A guide to work health and safety in the road freight transport industry
A guide to work health and safety in the road freight transport industry
Download this guide as a PDF, 2749.87 KB.
Chapters
- Introduction
- Incident notification
- Embedding a health and safety landscape
- What a health and safety landscape should look like in the transport industry
- Consultation in the workplace
- Focus on key priority areas
- Hazard prevention
- Risk assessment
- Traffic management
- Loading/unloading procedures
- Immobilising heavy vehicles and trailers
- Securing loads
- Working at heights
- Ancillary (non-driving) tasks
- Musculoskeletal disorders
- Work-related psychological (mental) health
- Psychosocial hazards
- At-risk workers
- Fatigue
- Alcohol and other drugs
- Sedentary work
- Distracted driving
- Transporting hazardous chemicals
- Transporting explosives
- Road safety
- Improved recovery at work practices
1. Introduction
This guide provides work health and safety information for road freight transport operators and their supply chains. It provides guidance relevant to New South Wales work health and safety (WHS) laws and is a useful resource for operators, drivers and all involved in the road freight transport industry.

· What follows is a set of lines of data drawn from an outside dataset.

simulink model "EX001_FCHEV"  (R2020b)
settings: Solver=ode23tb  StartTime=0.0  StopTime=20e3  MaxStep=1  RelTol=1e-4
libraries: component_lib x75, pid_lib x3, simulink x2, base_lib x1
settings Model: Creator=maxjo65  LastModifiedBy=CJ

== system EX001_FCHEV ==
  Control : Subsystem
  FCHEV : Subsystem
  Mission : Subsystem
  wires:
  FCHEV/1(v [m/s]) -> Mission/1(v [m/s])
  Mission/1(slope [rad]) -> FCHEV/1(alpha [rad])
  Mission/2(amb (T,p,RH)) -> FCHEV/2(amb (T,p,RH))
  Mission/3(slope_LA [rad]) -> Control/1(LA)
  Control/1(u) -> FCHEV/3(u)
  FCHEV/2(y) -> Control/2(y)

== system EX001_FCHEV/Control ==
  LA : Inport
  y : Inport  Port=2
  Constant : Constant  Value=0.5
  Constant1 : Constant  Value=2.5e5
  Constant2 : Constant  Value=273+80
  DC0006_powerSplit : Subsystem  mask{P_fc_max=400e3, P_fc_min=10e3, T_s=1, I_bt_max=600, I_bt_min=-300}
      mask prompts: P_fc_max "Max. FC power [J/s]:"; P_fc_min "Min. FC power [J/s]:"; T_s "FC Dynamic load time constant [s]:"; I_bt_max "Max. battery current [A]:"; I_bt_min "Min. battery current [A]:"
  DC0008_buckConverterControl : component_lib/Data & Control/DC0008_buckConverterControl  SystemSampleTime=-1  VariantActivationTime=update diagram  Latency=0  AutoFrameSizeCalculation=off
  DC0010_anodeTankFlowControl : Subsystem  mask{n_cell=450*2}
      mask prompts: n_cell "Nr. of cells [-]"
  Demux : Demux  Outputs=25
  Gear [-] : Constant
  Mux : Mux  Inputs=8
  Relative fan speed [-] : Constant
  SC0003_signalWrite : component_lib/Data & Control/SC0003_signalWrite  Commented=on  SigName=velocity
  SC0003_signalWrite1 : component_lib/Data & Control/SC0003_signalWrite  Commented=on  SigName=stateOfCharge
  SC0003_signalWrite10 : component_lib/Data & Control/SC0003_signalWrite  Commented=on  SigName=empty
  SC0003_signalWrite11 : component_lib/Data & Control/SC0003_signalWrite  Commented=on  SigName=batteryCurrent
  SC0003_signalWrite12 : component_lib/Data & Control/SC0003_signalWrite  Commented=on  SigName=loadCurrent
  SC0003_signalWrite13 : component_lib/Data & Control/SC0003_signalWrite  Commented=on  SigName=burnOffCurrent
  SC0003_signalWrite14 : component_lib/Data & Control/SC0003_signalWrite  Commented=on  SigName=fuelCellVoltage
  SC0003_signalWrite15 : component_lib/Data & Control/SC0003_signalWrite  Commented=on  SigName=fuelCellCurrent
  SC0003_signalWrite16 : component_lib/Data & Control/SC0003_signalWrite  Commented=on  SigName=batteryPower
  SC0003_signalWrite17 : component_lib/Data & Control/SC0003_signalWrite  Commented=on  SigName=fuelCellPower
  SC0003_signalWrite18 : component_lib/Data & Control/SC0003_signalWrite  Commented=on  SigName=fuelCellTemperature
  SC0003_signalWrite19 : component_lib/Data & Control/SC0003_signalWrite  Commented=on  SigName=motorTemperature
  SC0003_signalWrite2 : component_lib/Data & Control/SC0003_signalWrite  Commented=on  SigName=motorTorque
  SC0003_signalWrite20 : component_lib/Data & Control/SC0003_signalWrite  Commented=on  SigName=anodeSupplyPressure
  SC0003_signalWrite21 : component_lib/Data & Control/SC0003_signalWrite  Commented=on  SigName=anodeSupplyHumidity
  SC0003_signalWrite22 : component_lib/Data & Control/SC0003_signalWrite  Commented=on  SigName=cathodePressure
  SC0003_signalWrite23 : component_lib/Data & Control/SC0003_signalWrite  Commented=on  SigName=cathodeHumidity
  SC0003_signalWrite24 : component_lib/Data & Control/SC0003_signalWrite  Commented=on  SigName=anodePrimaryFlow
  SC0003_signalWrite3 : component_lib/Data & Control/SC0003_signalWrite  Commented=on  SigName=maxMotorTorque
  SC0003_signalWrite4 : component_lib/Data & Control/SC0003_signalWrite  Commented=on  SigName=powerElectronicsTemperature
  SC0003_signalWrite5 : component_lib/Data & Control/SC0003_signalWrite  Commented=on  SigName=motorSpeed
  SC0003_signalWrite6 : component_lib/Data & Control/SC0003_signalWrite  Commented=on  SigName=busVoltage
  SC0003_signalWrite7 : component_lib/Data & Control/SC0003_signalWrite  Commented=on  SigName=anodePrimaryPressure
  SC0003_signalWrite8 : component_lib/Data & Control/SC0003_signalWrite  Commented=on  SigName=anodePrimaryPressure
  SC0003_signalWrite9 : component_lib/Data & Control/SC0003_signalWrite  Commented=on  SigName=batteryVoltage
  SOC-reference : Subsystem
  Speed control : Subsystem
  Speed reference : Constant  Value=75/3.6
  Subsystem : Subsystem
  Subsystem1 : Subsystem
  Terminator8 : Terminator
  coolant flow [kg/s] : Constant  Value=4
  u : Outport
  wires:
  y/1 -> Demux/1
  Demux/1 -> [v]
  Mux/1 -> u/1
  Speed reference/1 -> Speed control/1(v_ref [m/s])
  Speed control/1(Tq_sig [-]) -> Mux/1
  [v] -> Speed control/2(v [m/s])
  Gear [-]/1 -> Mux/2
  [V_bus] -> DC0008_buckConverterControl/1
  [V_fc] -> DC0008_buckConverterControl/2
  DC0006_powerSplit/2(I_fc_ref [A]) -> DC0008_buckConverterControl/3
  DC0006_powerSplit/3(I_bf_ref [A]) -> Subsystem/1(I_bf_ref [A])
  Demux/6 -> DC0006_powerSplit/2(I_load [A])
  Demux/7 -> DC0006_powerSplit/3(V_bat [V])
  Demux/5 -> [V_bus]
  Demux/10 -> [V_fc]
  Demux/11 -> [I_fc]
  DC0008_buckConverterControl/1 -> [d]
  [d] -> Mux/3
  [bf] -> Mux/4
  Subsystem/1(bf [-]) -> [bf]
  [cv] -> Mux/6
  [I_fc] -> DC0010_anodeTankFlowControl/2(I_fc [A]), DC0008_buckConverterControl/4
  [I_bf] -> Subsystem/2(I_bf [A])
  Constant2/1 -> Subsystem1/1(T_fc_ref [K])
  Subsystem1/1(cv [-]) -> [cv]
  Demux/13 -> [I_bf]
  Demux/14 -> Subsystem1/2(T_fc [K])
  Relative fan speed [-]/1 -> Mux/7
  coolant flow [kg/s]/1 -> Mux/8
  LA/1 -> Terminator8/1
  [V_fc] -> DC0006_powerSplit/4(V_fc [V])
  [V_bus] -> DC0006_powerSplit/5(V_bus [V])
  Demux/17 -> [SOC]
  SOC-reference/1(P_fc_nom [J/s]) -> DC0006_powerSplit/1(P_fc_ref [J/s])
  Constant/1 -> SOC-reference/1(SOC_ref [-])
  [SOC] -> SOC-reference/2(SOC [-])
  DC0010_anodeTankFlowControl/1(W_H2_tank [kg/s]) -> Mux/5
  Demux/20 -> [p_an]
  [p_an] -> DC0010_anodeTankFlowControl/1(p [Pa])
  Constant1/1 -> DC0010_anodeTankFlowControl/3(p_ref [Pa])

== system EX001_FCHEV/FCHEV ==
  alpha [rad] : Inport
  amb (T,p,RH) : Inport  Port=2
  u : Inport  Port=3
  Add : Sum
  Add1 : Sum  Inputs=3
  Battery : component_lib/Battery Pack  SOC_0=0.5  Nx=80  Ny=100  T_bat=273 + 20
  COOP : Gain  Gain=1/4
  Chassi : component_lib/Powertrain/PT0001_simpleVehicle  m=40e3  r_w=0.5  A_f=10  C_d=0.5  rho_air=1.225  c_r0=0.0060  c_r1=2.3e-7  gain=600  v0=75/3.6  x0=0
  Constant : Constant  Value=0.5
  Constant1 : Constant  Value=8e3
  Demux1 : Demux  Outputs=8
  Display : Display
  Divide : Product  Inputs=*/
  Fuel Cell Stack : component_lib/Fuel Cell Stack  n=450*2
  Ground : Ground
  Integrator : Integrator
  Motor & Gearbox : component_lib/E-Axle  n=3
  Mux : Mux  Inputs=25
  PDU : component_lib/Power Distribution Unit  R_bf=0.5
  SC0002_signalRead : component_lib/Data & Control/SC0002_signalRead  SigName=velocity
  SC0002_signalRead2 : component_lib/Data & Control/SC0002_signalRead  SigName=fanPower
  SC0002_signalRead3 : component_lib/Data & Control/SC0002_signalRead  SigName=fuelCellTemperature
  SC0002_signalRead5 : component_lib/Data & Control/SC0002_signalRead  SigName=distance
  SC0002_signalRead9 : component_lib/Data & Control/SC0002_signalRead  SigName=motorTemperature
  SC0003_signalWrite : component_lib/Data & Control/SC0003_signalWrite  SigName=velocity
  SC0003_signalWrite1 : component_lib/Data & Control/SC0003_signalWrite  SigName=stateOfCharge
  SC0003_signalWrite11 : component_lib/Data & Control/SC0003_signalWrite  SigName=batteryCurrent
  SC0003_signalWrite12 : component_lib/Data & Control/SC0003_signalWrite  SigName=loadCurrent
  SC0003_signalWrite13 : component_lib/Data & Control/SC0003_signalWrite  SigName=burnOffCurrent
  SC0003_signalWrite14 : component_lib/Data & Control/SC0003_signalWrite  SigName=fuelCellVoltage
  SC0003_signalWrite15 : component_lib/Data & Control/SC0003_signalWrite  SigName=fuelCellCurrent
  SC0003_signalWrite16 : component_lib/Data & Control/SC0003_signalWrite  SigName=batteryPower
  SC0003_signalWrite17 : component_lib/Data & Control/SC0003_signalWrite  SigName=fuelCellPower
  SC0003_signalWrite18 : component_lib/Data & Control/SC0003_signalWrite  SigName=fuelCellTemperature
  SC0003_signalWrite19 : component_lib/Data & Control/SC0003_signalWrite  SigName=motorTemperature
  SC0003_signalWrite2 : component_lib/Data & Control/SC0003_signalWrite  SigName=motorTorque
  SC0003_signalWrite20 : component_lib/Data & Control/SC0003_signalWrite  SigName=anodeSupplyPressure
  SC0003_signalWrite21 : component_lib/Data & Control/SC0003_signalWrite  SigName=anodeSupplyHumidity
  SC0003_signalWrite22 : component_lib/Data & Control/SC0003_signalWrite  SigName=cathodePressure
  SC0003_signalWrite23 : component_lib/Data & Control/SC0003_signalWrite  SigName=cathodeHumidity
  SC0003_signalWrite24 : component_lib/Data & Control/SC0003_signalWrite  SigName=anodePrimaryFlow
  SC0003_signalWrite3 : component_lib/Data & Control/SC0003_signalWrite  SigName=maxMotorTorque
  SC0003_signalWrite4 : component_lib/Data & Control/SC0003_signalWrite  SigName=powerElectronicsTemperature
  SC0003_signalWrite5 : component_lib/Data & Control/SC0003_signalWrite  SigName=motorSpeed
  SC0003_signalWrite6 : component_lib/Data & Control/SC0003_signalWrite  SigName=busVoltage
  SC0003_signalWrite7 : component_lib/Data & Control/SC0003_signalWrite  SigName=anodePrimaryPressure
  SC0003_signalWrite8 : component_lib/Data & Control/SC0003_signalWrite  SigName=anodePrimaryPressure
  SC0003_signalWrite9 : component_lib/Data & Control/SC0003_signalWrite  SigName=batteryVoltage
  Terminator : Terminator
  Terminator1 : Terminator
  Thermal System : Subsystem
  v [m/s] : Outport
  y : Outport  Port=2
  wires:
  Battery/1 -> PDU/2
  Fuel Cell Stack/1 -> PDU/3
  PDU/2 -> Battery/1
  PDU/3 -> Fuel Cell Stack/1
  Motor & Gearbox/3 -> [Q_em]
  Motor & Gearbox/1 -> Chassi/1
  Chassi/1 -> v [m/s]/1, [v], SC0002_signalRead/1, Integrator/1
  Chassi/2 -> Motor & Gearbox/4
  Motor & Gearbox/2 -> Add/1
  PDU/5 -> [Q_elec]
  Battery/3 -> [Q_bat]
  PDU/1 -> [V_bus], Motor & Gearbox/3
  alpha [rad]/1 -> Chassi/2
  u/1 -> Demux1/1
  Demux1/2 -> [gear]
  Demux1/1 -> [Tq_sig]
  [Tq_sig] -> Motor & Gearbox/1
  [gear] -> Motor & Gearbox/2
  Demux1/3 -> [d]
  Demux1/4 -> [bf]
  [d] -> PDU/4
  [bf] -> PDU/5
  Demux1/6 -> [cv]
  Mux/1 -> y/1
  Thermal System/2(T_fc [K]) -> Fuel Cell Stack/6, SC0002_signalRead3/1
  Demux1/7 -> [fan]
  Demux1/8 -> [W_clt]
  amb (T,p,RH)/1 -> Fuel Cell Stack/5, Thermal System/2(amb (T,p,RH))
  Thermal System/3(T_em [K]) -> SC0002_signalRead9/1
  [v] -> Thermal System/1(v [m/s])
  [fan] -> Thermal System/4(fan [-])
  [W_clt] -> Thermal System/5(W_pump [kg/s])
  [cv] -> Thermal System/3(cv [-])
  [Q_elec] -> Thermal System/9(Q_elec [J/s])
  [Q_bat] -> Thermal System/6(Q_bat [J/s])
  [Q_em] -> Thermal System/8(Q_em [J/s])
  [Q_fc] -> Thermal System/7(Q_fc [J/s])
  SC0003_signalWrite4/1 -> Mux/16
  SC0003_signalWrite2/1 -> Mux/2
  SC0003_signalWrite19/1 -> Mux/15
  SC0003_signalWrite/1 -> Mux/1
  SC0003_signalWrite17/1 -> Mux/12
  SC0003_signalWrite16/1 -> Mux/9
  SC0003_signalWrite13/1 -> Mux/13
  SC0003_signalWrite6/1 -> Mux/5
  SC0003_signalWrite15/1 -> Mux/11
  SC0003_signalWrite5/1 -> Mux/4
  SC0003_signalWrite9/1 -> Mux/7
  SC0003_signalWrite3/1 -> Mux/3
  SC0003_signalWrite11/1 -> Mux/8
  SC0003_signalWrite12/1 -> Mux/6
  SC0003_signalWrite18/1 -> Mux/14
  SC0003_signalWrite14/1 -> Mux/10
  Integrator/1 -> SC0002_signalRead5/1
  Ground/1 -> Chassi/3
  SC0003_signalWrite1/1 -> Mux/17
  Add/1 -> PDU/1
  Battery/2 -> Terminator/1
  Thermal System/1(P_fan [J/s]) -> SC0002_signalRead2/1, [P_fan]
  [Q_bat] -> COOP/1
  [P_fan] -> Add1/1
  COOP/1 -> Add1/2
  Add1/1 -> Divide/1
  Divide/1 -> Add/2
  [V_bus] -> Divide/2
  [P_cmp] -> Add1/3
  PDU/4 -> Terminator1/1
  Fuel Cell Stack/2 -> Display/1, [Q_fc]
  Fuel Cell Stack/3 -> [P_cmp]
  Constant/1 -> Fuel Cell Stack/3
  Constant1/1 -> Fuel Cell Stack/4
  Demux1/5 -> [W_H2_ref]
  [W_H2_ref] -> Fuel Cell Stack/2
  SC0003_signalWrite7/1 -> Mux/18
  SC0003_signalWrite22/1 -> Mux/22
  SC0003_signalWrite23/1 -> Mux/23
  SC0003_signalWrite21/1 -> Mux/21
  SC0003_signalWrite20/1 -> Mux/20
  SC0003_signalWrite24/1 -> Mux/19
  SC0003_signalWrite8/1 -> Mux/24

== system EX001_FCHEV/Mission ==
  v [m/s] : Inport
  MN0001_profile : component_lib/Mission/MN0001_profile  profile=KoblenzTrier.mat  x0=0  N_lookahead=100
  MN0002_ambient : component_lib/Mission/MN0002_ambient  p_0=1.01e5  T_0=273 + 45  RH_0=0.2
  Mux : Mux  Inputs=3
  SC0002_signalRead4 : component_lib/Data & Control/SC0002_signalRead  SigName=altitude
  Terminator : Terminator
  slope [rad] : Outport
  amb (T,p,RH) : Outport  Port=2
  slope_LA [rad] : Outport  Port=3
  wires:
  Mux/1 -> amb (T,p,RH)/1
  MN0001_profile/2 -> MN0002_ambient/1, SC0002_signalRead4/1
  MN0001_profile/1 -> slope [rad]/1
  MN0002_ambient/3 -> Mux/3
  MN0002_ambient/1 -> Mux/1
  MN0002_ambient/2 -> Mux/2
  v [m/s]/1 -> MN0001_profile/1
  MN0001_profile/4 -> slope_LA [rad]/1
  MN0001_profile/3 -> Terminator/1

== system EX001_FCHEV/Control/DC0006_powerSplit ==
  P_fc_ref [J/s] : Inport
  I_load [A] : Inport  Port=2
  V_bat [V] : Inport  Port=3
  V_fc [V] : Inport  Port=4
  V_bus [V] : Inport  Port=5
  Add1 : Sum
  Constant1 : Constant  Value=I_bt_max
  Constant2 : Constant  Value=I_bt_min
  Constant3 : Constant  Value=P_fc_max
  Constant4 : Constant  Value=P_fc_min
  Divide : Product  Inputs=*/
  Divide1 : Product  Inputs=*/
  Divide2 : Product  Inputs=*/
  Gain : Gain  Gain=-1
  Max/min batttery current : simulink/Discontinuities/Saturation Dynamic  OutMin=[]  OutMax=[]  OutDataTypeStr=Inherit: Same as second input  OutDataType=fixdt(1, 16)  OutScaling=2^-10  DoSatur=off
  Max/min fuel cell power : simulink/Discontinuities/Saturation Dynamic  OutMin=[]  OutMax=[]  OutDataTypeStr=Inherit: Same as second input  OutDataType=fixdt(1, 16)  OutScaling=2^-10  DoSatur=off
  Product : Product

The transport industry is an essential service provider for all Australians, but unfortunately records a high rate of fatalities and serious injuries. Therefore, the industry is a focus area in the Australian Work Health and Safety Strategy 2012 -2022 and a priority industry in SafeWork NSW’s Work Health and Safety Roadmap for NSW 2022 (Roadmap).
Please note, the Roadmap has been replaced by the SafeWork NSW Regulatory Priorities.
While road accidents are top of mind causes of fatalities and serious injuries, there are several high-risk activities for workers and others when the vehicle stops that contribute to incident and claim rates.
In 2018, SafeWork NSW launched the Transport Work Health and Safety Sector Plan (Transport sector plan) following consultation with our industry stakeholders to address these issues. Key priority areas were identified as well as the work activities that cause serious injuries and fatalities in the transport industry. The key priority areas are:
- at-risk workers
- musculoskeletal injuries
- working at heights
- access to and from vehicles
- mental and physical health
- traffic management
- ancillary non-driving tasks.
The Transport sector plan is informed by other key Roadmap strategies including:
- At-Risk Workers’ Strategy 2018-22
- Mentally healthy workplaces strategy 2018-22
- Falls from heights: Data insights and action plan.
In February 2018, the NSW Government released the Road Safety Plan 2021. This was developed to set new road safety priorities and actions to help NSW work toward the State Priority target of a 30 per cent reduction in road fatalities by 2021 (compared to 2008–2010 levels).
In support of the Road Safety Plan 2021, a guide has been developed which provides workplaces with information about key road safety issues and risks, and ways to help you and your workers get around safely while using the road. It also supplies information to help you embed road safety within your workplace.